§ TASK TO COMPLETE: Write out the opening lines of the data word for word, up to and including the line with "mat_material_001 = bpy.data.materials.new('Material.001')", and leave every picture and every later line out.
### DATA LISTING
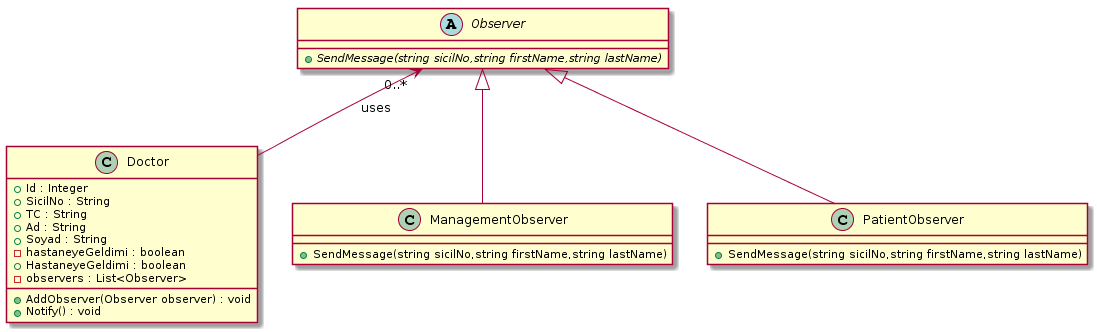

The diagram above was rendered by PlantUML. Its source (embedded in the PNG):
@startuml
class Doctor{
+Id : Integer
+SicilNo : String
+TC : String
+Ad : String
+Soyad : String
-hastaneyeGeldimi : boolean
+HastaneyeGeldimi : boolean
-observers : List<Observer>

+AddObserver(Observer observer) : void
+Notify() : void
}

abstract class Observer{
+{abstract}SendMessage(string sicilNo,string firstName,string lastName)
}

class ManagementObserver{
+SendMessage(string sicilNo,string firstName,string lastName)
}

class PatientObserver{
+SendMessage(string sicilNo,string firstName,string lastName)
}

Observer  <|-- PatientObserver 
Observer  <|-- ManagementObserver 

Observer "0..*" <-- Doctor : uses
@enduml
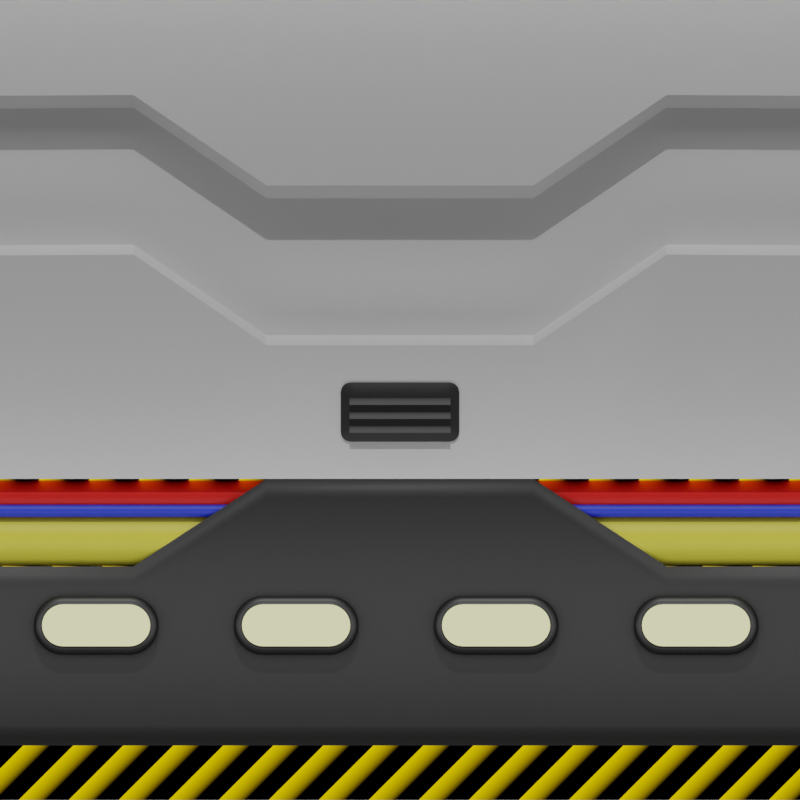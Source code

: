 # Source: wall.blend  (saved by Blender 3.6.13; exported with 4.5.12 LTS)
import bpy
from mathutils import Matrix  # noqa: F401  (used for matrix-valued properties, if any)

bpy.ops.wm.read_factory_settings(use_empty=True)
scene = bpy.context.scene
scene.name = 'Scene'

# ---- collections
col_collection = bpy.data.collections.new('Collection'); scene.collection.children.link(col_collection)
col_render = bpy.data.collections.new('Render'); scene.collection.children.link(col_render)

# ---- materials (node trees are filled in below, after node groups)
mat_material_036 = bpy.data.materials.new('Material.036')
mat_material_036.use_transparent_shadow = False
mat_material_034 = bpy.data.materials.new('Material.034')
mat_material_034.use_transparent_shadow = False
mat_material_035 = bpy.data.materials.new('Material.035')
mat_material_035.use_transparent_shadow = False
mat_material_002 = bpy.data.materials.new('Material.002')
mat_material_002.use_transparent_shadow = False
mat_material_003 = bpy.data.materials.new('Material.003')
mat_material_003.use_transparent_shadow = False
mat_material_037 = bpy.data.materials.new('Material.037')
mat_material_037.use_transparent_shadow = False
mat_material_001 = bpy.data.materials.new('Material.001')
mat_material_001.use_transparent_shadow = False
mat_material_038 = bpy.data.materials.new('Material.038')
mat_material_038.use_transparent_shadow = False

# ---- node groups
ng_auto_smooth = bpy.data.node_groups.new('Auto Smooth', 'GeometryNodeTree')
_s = ng_auto_smooth.interface.new_socket(name='Geometry', in_out='OUTPUT', socket_type='NodeSocketGeometry')
_s = ng_auto_smooth.interface.new_socket(name='Geometry', in_out='INPUT', socket_type='NodeSocketGeometry')
_s = ng_auto_smooth.interface.new_socket(name='Angle', in_out='INPUT', socket_type='NodeSocketFloat')
_s.subtype = 'ANGLE'
_s.min_value = 0.0
_s.max_value = 3.142
ng_auto_smooth.is_modifier = True
_N = ng_auto_smooth.nodes; _L = ng_auto_smooth.links
n0 = _N.new('NodeGroupOutput'); n0.name = 'Group Output'; n0.location = (480, -100)
n1 = _N.new('NodeGroupInput'); n1.name = 'Group Input'; n1.location = (-420, -300)
n2 = _N.new('NodeGroupInput'); n2.name = 'Group Input.001'; n2.location = (-60, -100)
n3 = _N.new('GeometryNodeSetShadeSmooth'); n3.name = 'Set Shade Smooth'; n3.location = (120, -100)
n3.domain = 'EDGE'
n4 = _N.new('GeometryNodeSetShadeSmooth'); n4.name = 'Set Shade Smooth.001'; n4.location = (300, -100)
n5 = _N.new('GeometryNodeInputMeshEdgeAngle'); n5.name = 'Edge Angle'; n5.location = (-420, -220)
n6 = _N.new('GeometryNodeInputEdgeSmooth'); n6.name = 'Is Edge Smooth'; n6.location = (-60, -160)
n7 = _N.new('GeometryNodeInputShadeSmooth'); n7.name = 'Is Face Smooth'; n7.location = (-240, -340)
n8 = _N.new('FunctionNodeBooleanMath'); n8.name = 'Boolean Math'; n8.location = (-60, -220)
n9 = _N.new('FunctionNodeCompare'); n9.name = 'Compare'; n9.location = (-240, -180)
n9.operation = 'LESS_EQUAL'
_L.new(n5.outputs[0], n9.inputs[0])
_L.new(n4.outputs[0], n0.inputs[0])
_L.new(n1.outputs[1], n9.inputs[1])
_L.new(n9.outputs[0], n8.inputs[0])
_L.new(n7.outputs[0], n8.inputs[1])
_L.new(n2.outputs[0], n3.inputs[0])
_L.new(n6.outputs[0], n3.inputs[1])
_L.new(n3.outputs[0], n4.inputs[0])
_L.new(n8.outputs[0], n3.inputs[2])
n0.is_active_output = True

# ---- material node trees
mat_material_036.use_nodes = True; mat_material_036.node_tree.nodes.clear()
_N = mat_material_036.node_tree.nodes; _L = mat_material_036.node_tree.links
n0 = _N.new('ShaderNodeBsdfPrincipled'); n0.name = 'Principled BSDF'; n0.location = (10, 300)
n0.distribution = 'GGX'
n0.subsurface_method = 'RANDOM_WALK_SKIN'
n0.inputs[0].default_value = (0.8, 0.003355, 0.0, 1.0)
n0.inputs[3].default_value = 1.45
n0.inputs[27].default_value = (0.0, 0.0, 0.0, 1.0)
n0.inputs[28].default_value = 1.0
n1 = _N.new('ShaderNodeOutputMaterial'); n1.name = 'Material Output'; n1.location = (300, 300)
_L.new(n0.outputs[0], n1.inputs[0])
n1.is_active_output = True
mat_material_034.use_nodes = True; mat_material_034.node_tree.nodes.clear()
_N = mat_material_034.node_tree.nodes; _L = mat_material_034.node_tree.links
n0 = _N.new('ShaderNodeBsdfPrincipled'); n0.name = 'Principled BSDF'; n0.location = (10, 300)
n0.distribution = 'GGX'
n0.subsurface_method = 'RANDOM_WALK_SKIN'
n0.inputs[0].default_value = (0.8, 0.7191, 0.06353, 1.0)
n0.inputs[3].default_value = 1.45
n0.inputs[27].default_value = (0.0, 0.0, 0.0, 1.0)
n0.inputs[28].default_value = 1.0
n1 = _N.new('ShaderNodeOutputMaterial'); n1.name = 'Material Output'; n1.location = (300, 300)
_L.new(n0.outputs[0], n1.inputs[0])
n1.is_active_output = True
mat_material_035.use_nodes = True; mat_material_035.node_tree.nodes.clear()
_N = mat_material_035.node_tree.nodes; _L = mat_material_035.node_tree.links
n0 = _N.new('ShaderNodeBsdfPrincipled'); n0.name = 'Principled BSDF'; n0.location = (10, 300)
n0.distribution = 'GGX'
n0.subsurface_method = 'RANDOM_WALK_SKIN'
n0.inputs[0].default_value = (0.02306, 0.05152, 0.8, 1.0)
n0.inputs[3].default_value = 1.45
n0.inputs[27].default_value = (0.0, 0.0, 0.0, 1.0)
n0.inputs[28].default_value = 1.0
n1 = _N.new('ShaderNodeOutputMaterial'); n1.name = 'Material Output'; n1.location = (300, 300)
_L.new(n0.outputs[0], n1.inputs[0])
n1.is_active_output = True
mat_material_002.use_nodes = True; mat_material_002.node_tree.nodes.clear()
_N = mat_material_002.node_tree.nodes; _L = mat_material_002.node_tree.links
n0 = _N.new('ShaderNodeBsdfPrincipled'); n0.name = 'Principled BSDF'; n0.location = (10, 300)
n0.distribution = 'GGX'
n0.subsurface_method = 'RANDOM_WALK_SKIN'
n0.inputs[0].default_value = (0.06998, 0.06998, 0.06998, 1.0)
n0.inputs[1].default_value = 1.0
n0.inputs[3].default_value = 1.45
n0.inputs[27].default_value = (0.0, 0.0, 0.0, 1.0)
n0.inputs[28].default_value = 1.0
n1 = _N.new('ShaderNodeOutputMaterial'); n1.name = 'Material Output'; n1.location = (300, 300)
_L.new(n0.outputs[0], n1.inputs[0])
n1.is_active_output = True
mat_material_003.use_nodes = True; mat_material_003.node_tree.nodes.clear()
_N = mat_material_003.node_tree.nodes; _L = mat_material_003.node_tree.links
n0 = _N.new('ShaderNodeOutputMaterial'); n0.name = 'Material Output'; n0.location = (300, 300)
n1 = _N.new('ShaderNodeEmission'); n1.name = 'Emission'; n1.location = (10, 300)
n1.inputs[0].default_value = (0.9941, 1.0, 0.5307, 1.0)
_L.new(n1.outputs[0], n0.inputs[0])
n0.is_active_output = True
mat_material_037.use_nodes = True; mat_material_037.node_tree.nodes.clear()
_N = mat_material_037.node_tree.nodes; _L = mat_material_037.node_tree.links
n0 = _N.new('ShaderNodeTexCoord'); n0.name = 'Texture Coordinate'; n0.location = (-557, 253)
n1 = _N.new('ShaderNodeSeparateXYZ'); n1.name = 'Separate XYZ'; n1.location = (-44, 338)
n2 = _N.new('ShaderNodeMapping'); n2.name = 'Mapping'; n2.location = (-339, 326)
n2.inputs[2].default_value = (0.0, 0.0, 0.7854)
n3 = _N.new('ShaderNodeMath'); n3.name = 'Math.002'; n3.location = (156, 332)
n3.operation = 'SUBTRACT'
n3.inputs[1].default_value = -1.0
n4 = _N.new('ShaderNodeOutputMaterial'); n4.name = 'Material Output'; n4.location = (1003, 399)
n5 = _N.new('ShaderNodeValToRGB'); n5.name = 'Color Ramp'; n5.location = (677, 680)
while len(n5.color_ramp.elements) > 1: n5.color_ramp.elements.remove(n5.color_ramp.elements[-1])
n5.color_ramp.elements[0].position = 0.0; n5.color_ramp.elements[0].color = (1.0, 0.6597, 0.0, 1.0)
_e = n5.color_ramp.elements.new(0.02273); _e.color = (0.0, 0.0, 0.0, 1.0)
n6 = _N.new('ShaderNodeMath'); n6.name = 'Math'; n6.location = (679, 456)
n6.operation = 'MODULO'
n6.use_clamp = True
n7 = _N.new('ShaderNodeValue'); n7.name = 'Value'; n7.location = (324, 195)
n7.outputs[0].default_value = 44.2
n8 = _N.new('ShaderNodeMath'); n8.name = 'Math.001'; n8.location = (517, 307)
n8.operation = 'DIVIDE'
n8.inputs[1].default_value = 1000.0
_L.new(n0.outputs[0], n2.inputs[0])
_L.new(n2.outputs[0], n1.inputs[0])
_L.new(n1.outputs[0], n3.inputs[0])
_L.new(n3.outputs[0], n6.inputs[0])
_L.new(n6.outputs[0], n5.inputs[0])
_L.new(n5.outputs[0], n4.inputs[0])
_L.new(n7.outputs[0], n8.inputs[0])
_L.new(n8.outputs[0], n6.inputs[1])
n4.is_active_output = True
mat_material_001.use_nodes = True; mat_material_001.node_tree.nodes.clear()
_N = mat_material_001.node_tree.nodes; _L = mat_material_001.node_tree.links
n0 = _N.new('ShaderNodeBsdfPrincipled'); n0.name = 'Principled BSDF'; n0.location = (10, 300)
n0.distribution = 'GGX'
n0.subsurface_method = 'RANDOM_WALK_SKIN'
n0.inputs[0].default_value = (0.02365, 0.02365, 0.02365, 1.0)
n0.inputs[3].default_value = 1.45
n0.inputs[27].default_value = (0.0, 0.0, 0.0, 1.0)
n0.inputs[28].default_value = 1.0
n1 = _N.new('ShaderNodeOutputMaterial'); n1.name = 'Material Output'; n1.location = (300, 300)
_L.new(n0.outputs[0], n1.inputs[0])
n1.is_active_output = True
mat_material_038.use_nodes = True; mat_material_038.node_tree.nodes.clear()
_N = mat_material_038.node_tree.nodes; _L = mat_material_038.node_tree.links
n0 = _N.new('ShaderNodeBsdfPrincipled'); n0.name = 'Principled BSDF'; n0.location = (10, 300)
n0.distribution = 'GGX'
n0.subsurface_method = 'RANDOM_WALK_SKIN'
n0.inputs[3].default_value = 1.45
n0.inputs[27].default_value = (0.0, 0.0, 0.0, 1.0)
n0.inputs[28].default_value = 1.0
n1 = _N.new('ShaderNodeOutputMaterial'); n1.name = 'Material Output'; n1.location = (300, 300)
_L.new(n0.outputs[0], n1.inputs[0])
n1.is_active_output = True

# ---- world
world_world = bpy.data.worlds.new('World'); scene.world = world_world
world_world.use_nodes = True; world_world.node_tree.nodes.clear()
_N = world_world.node_tree.nodes; _L = world_world.node_tree.links
n0 = _N.new('ShaderNodeOutputWorld'); n0.name = 'World Output'; n0.location = (300, 300)
n1 = _N.new('ShaderNodeBackground'); n1.name = 'Background'; n1.location = (10, 300)
n1.inputs[0].default_value = (1.0, 1.0, 1.0, 1.0)
n1.inputs[1].default_value = 0.1
_L.new(n1.outputs[0], n0.inputs[0])
n0.is_active_output = True
world_world.color = (0.05088, 0.05088, 0.05088)
world_world.use_sun_shadow = False
world_world.sun_shadow_jitter_overblur = 0.0

# ---- cameras
cam_camera = bpy.data.cameras.new('Camera')
cam_camera.type = 'ORTHO'
cam_camera.clip_end = 100.0
cam_camera.ortho_scale = 1.0

# ---- lights
light_sun = bpy.data.lights.new('Sun', 'SUN')
light_sun.transmission_factor = 0.0
light_sun.energy = 1.0
light_area = bpy.data.lights.new('Area', 'AREA')
light_area.transmission_factor = 0.0
light_area.energy = 0.7854
light_area.shadow_maximum_resolution = 0.006
light_area.use_absolute_resolution = True
light_area.size = 1.0
light_area.size_y = 1.0

# ---- meshes
me_cylinder_011 = bpy.data.meshes.new('Cylinder.011')
me_cylinder_011.from_pydata([(0.0, 1.0, -1.0), (-2.126e-08, 1.0, 1.087), (0.1951, 0.9808, -1.0), (0.1951, 0.9808, 1.087), (0.3827, 0.9239, -1.0), (0.3827, 0.9239, 1.087), (0.5556, 0.8315, -1.0), (0.5556, 0.8315, 1.087), (0.7071, 0.7071, -1.0), (0.7071, 0.7071, 1.087), (0.8315, 0.5556, -1.0), (0.8315, 0.5556, 1.087), (0.9239, 0.3827, -1.0), (0.9239, 0.3827, 1.087), (0.9808, 0.1951, -1.0), (0.9808, 0.1951, 1.087), (1.0, 0.0, -1.0), (1.0, 0.0, 1.087), (0.9808, -0.1951, -1.0), (0.9808, -0.1951, 1.087), (0.9239, -0.3827, -1.0), (0.9239, -0.3827, 1.087), (0.8315, -0.5556, -1.0), (0.8315, -0.5556, 1.087), (0.7071, -0.7071, -1.0), (0.7071, -0.7071, 1.087), (0.5556, -0.8315, -1.0), (0.5556, -0.8315, 1.087), (0.3827, -0.9239, -1.0), (0.3827, -0.9239, 1.087), (0.1951, -0.9808, -1.0), (0.1951, -0.9808, 1.087), (0.0, -1.0, -1.0), (-2.126e-08, -1.0, 1.087), (-0.1951, -0.9808, -1.0), (-0.1951, -0.9808, 1.087), (-0.3827, -0.9239, -1.0), (-0.3827, -0.9239, 1.087), (-0.5556, -0.8315, -1.0), (-0.5556, -0.8315, 1.087), (-0.7071, -0.7071, -1.0), (-0.7071, -0.7071, 1.087), (-0.8315, -0.5556, -1.0), (-0.8315, -0.5556, 1.087), (-0.9239, -0.3827, -1.0), (-0.9239, -0.3827, 1.087), (-0.9808, -0.1951, -1.0), (-0.9808, -0.1951, 1.087), (-1.0, 0.0, -1.0), (-1.0, 0.0, 1.087), (-0.9808, 0.1951, -1.0), (-0.9808, 0.1951, 1.087), (-0.9239, 0.3827, -1.0), (-0.9239, 0.3827, 1.087), (-0.8315, 0.5556, -1.0), (-0.8315, 0.5556, 1.087), (-0.7071, 0.7071, -1.0), (-0.7071, 0.7071, 1.087), (-0.5556, 0.8315, -1.0), (-0.5556, 0.8315, 1.087), (-0.3827, 0.9239, -1.0), (-0.3827, 0.9239, 1.087), (-0.1951, 0.9808, -1.0), (-0.1951, 0.9808, 1.087)], [], [(0, 1, 3, 2), (2, 3, 5, 4), (4, 5, 7, 6), (6, 7, 9, 8), (8, 9, 11, 10), (10, 11, 13, 12), (12, 13, 15, 14), (14, 15, 17, 16), (16, 17, 19, 18), (18, 19, 21, 20), (20, 21, 23, 22), (22, 23, 25, 24), (24, 25, 27, 26), (26, 27, 29, 28), (28, 29, 31, 30), (30, 31, 33, 32), (32, 33, 35, 34), (34, 35, 37, 36), (36, 37, 39, 38), (38, 39, 41, 40), (40, 41, 43, 42), (42, 43, 45, 44), (44, 45, 47, 46), (46, 47, 49, 48), (48, 49, 51, 50), (50, 51, 53, 52), (52, 53, 55, 54), (54, 55, 57, 56), (56, 57, 59, 58), (58, 59, 61, 60), (3, 1, 63, 61, 59, 57, 55, 53, 51, 49, 47, 45, 43, 41, 39, 37, 35, 33, 31, 29, 27, 25, 23, 21, 19, 17, 15, 13, 11, 9, 7, 5), (60, 61, 63, 62), (62, 63, 1, 0), (0, 2, 4, 6, 8, 10, 12, 14, 16, 18, 20, 22, 24, 26, 28, 30, 32, 34, 36, 38, 40, 42, 44, 46, 48, 50, 52, 54, 56, 58, 60, 62)])
me_cylinder_011.polygons.foreach_set('use_smooth', [True] * 34)
_uv = me_cylinder_011.uv_layers.new(name='UVMap')
_uv.uv.foreach_set('vector', [1.0, 0.5, 1.0, 1.0, 0.9688, 1.0, 0.9688, 0.5, 0.9688, 0.5, 0.9688, 1.0, 0.9375, 1.0, 0.9375, 0.5, 0.9375, 0.5, 0.9375, 1.0, 0.9062, 1.0, 0.9062, 0.5, 0.9062, 0.5, 0.9062, 1.0, 0.875, 1.0, 0.875, 0.5, 0.875, 0.5, 0.875, 1.0, 0.8438, 1.0, 0.8438, 0.5, 0.8438, 0.5, 0.8438, 1.0, 0.8125, 1.0, 0.8125, 0.5, 0.8125, 0.5, 0.8125, 1.0, 0.7812, 1.0, 0.7812, 0.5, 0.7812, 0.5, 0.7812, 1.0, 0.75, 1.0, 0.75, 0.5, 0.75, 0.5, 0.75, 1.0, 0.7188, 1.0, 0.7188, 0.5, 0.7188, 0.5, 0.7188, 1.0, 0.6875, 1.0, 0.6875, 0.5, 0.6875, 0.5, 0.6875, 1.0, 0.6562, 1.0, 0.6562, 0.5, 0.6562, 0.5, 0.6562, 1.0, 0.625, 1.0, 0.625, 0.5, 0.625, 0.5, 0.625, 1.0, 0.5938, 1.0, 0.5938, 0.5, 0.5938, 0.5, 0.5938, 1.0, 0.5625, 1.0, 0.5625, 0.5, 0.5625, 0.5, 0.5625, 1.0, 0.5312, 1.0, 0.5312, 0.5, 0.5312, 0.5, 0.5312, 1.0, 0.5, 1.0, 0.5, 0.5, 0.5, 0.5, 0.5, 1.0, 0.4688, 1.0, 0.4688, 0.5, 0.4688, 0.5, 0.4688, 1.0, 0.4375, 1.0, 0.4375, 0.5, 0.4375, 0.5, 0.4375, 1.0, 0.4062, 1.0, 0.4062, 0.5, 0.4062, 0.5, 0.4062, 1.0, 0.375, 1.0, 0.375, 0.5, 0.375, 0.5, 0.375, 1.0, 0.3438, 1.0, 0.3438, 0.5, 0.3438, 0.5, 0.3438, 1.0, 0.3125, 1.0, 0.3125, 0.5, 0.3125, 0.5, 0.3125, 1.0, 0.2812, 1.0, 0.2812, 0.5, 0.2812, 0.5, 0.2812, 1.0, 0.25, 1.0, 0.25, 0.5, 0.25, 0.5, 0.25, 1.0, 0.2188, 1.0, 0.2188, 0.5, 0.2188, 0.5, 0.2188, 1.0, 0.1875, 1.0, 0.1875, 0.5, 0.1875, 0.5, 0.1875, 1.0, 0.1562, 1.0, 0.1562, 0.5, 0.1562, 0.5, 0.1562, 1.0, 0.125, 1.0, 0.125, 0.5, 0.125, 0.5, 0.125, 1.0, 0.09375, 1.0, 0.09375, 0.5, 0.09375, 0.5, 0.09375, 1.0, 0.0625, 1.0, 0.0625, 0.5, 0.2968, 0.4854, 0.25, 0.49, 0.2032, 0.4854, 0.1582, 0.4717, 0.1167, 0.4496, 0.08029, 0.4197, 0.05045, 0.3833, 0.02827, 0.3418, 0.01461, 0.2968, 0.01, 0.25, 0.01461, 0.2032, 0.02827, 0.1582, 0.05045, 0.1167, 0.08029, 0.08029, 0.1167, 0.05045, 0.1582, 0.02827, 0.2032, 0.01461, 0.25, 0.01, 0.2968, 0.01461, 0.3418, 0.02827, 0.3833, 0.05045, 0.4197, 0.08029, 0.4496, 0.1167, 0.4717, 0.1582, 0.4854, 0.2032, 0.49, 0.25, 0.4854, 0.2968, 0.4717, 0.3418, 0.4496, 0.3833, 0.4197, 0.4197, 0.3833, 0.4496, 0.3418, 0.4717, 0.0625, 0.5, 0.0625, 1.0, 0.03125, 1.0, 0.03125, 0.5, 0.03125, 0.5, 0.03125, 1.0, 0.0, 1.0, 0.0, 0.5, 0.75, 0.49, 0.7968, 0.4854, 0.8418, 0.4717, 0.8833, 0.4496, 0.9197, 0.4197, 0.9496, 0.3833, 0.9717, 0.3418, 0.9854, 0.2968, 0.99, 0.25, 0.9854, 0.2032, 0.9717, 0.1582, 0.9496, 0.1167, 0.9197, 0.08029, 0.8833, 0.05045, 0.8418, 0.02827, 0.7968, 0.01461, 0.75, 0.01, 0.7032, 0.01461, 0.6582, 0.02827, 0.6167, 0.05045, 0.5803, 0.08029, 0.5504, 0.1167, 0.5283, 0.1582, 0.5146, 0.2032, 0.51, 0.25, 0.5146, 0.2968, 0.5283, 0.3418, 0.5504, 0.3833, 0.5803, 0.4197, 0.6167, 0.4496, 0.6582, 0.4717, 0.7032, 0.4854])
me_cylinder_011.materials.append(mat_material_036)
me_cylinder_011.update()
me_cylinder_012 = bpy.data.meshes.new('Cylinder.012')
me_cylinder_012.from_pydata([(0.0, 1.0, -1.0), (-2.126e-08, 1.0, 1.087), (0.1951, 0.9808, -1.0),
######
§ TASK RESULT:
The diagram above was rendered by PlantUML. Its source (embedded in the PNG):
@startuml
class Doctor{
+Id : Integer
+SicilNo : String
+TC : String
+Ad : String
+Soyad : String
-hastaneyeGeldimi : boolean
+HastaneyeGeldimi : boolean
-observers : List<Observer>

+AddObserver(Observer observer) : void
+Notify() : void
}

abstract class Observer{
+{abstract}SendMessage(string sicilNo,string firstName,string lastName)
}

class ManagementObserver{
+SendMessage(string sicilNo,string firstName,string lastName)
}

class PatientObserver{
+SendMessage(string sicilNo,string firstName,string lastName)
}

Observer  <|-- PatientObserver 
Observer  <|-- ManagementObserver 

Observer "0..*" <-- Doctor : uses
@enduml
Source code

: # Source: wall.blend  (saved by Blender 3.6.13; exported with 4.5.12 LTS)
import bpy
from mathutils import Matrix  # noqa: F401  (used for matrix-valued properties, if any)

bpy.ops.wm.read_factory_settings(use_empty=True)
scene = bpy.context.scene
scene.name = 'Scene'

# ---- collections
col_collection = bpy.data.collections.new('Collection'); scene.collection.children.link(col_collection)
col_render = bpy.data.collections.new('Render'); scene.collection.children.link(col_render)

# ---- materials (node trees are filled in below, after node groups)
mat_material_036 = bpy.data.materials.new('Material.036')
mat_material_036.use_transparent_shadow = False
mat_material_034 = bpy.data.materials.new('Material.034')
mat_material_034.use_transparent_shadow = False
mat_material_035 = bpy.data.materials.new('Material.035')
mat_material_035.use_transparent_shadow = False
mat_material_002 = bpy.data.materials.new('Material.002')
mat_material_002.use_transparent_shadow = False
mat_material_003 = bpy.data.materials.new('Material.003')
mat_material_003.use_transparent_shadow = False
mat_material_037 = bpy.data.materials.new('Material.037')
mat_material_037.use_transparent_shadow = False
mat_material_001 = bpy.data.materials.new('Material.001')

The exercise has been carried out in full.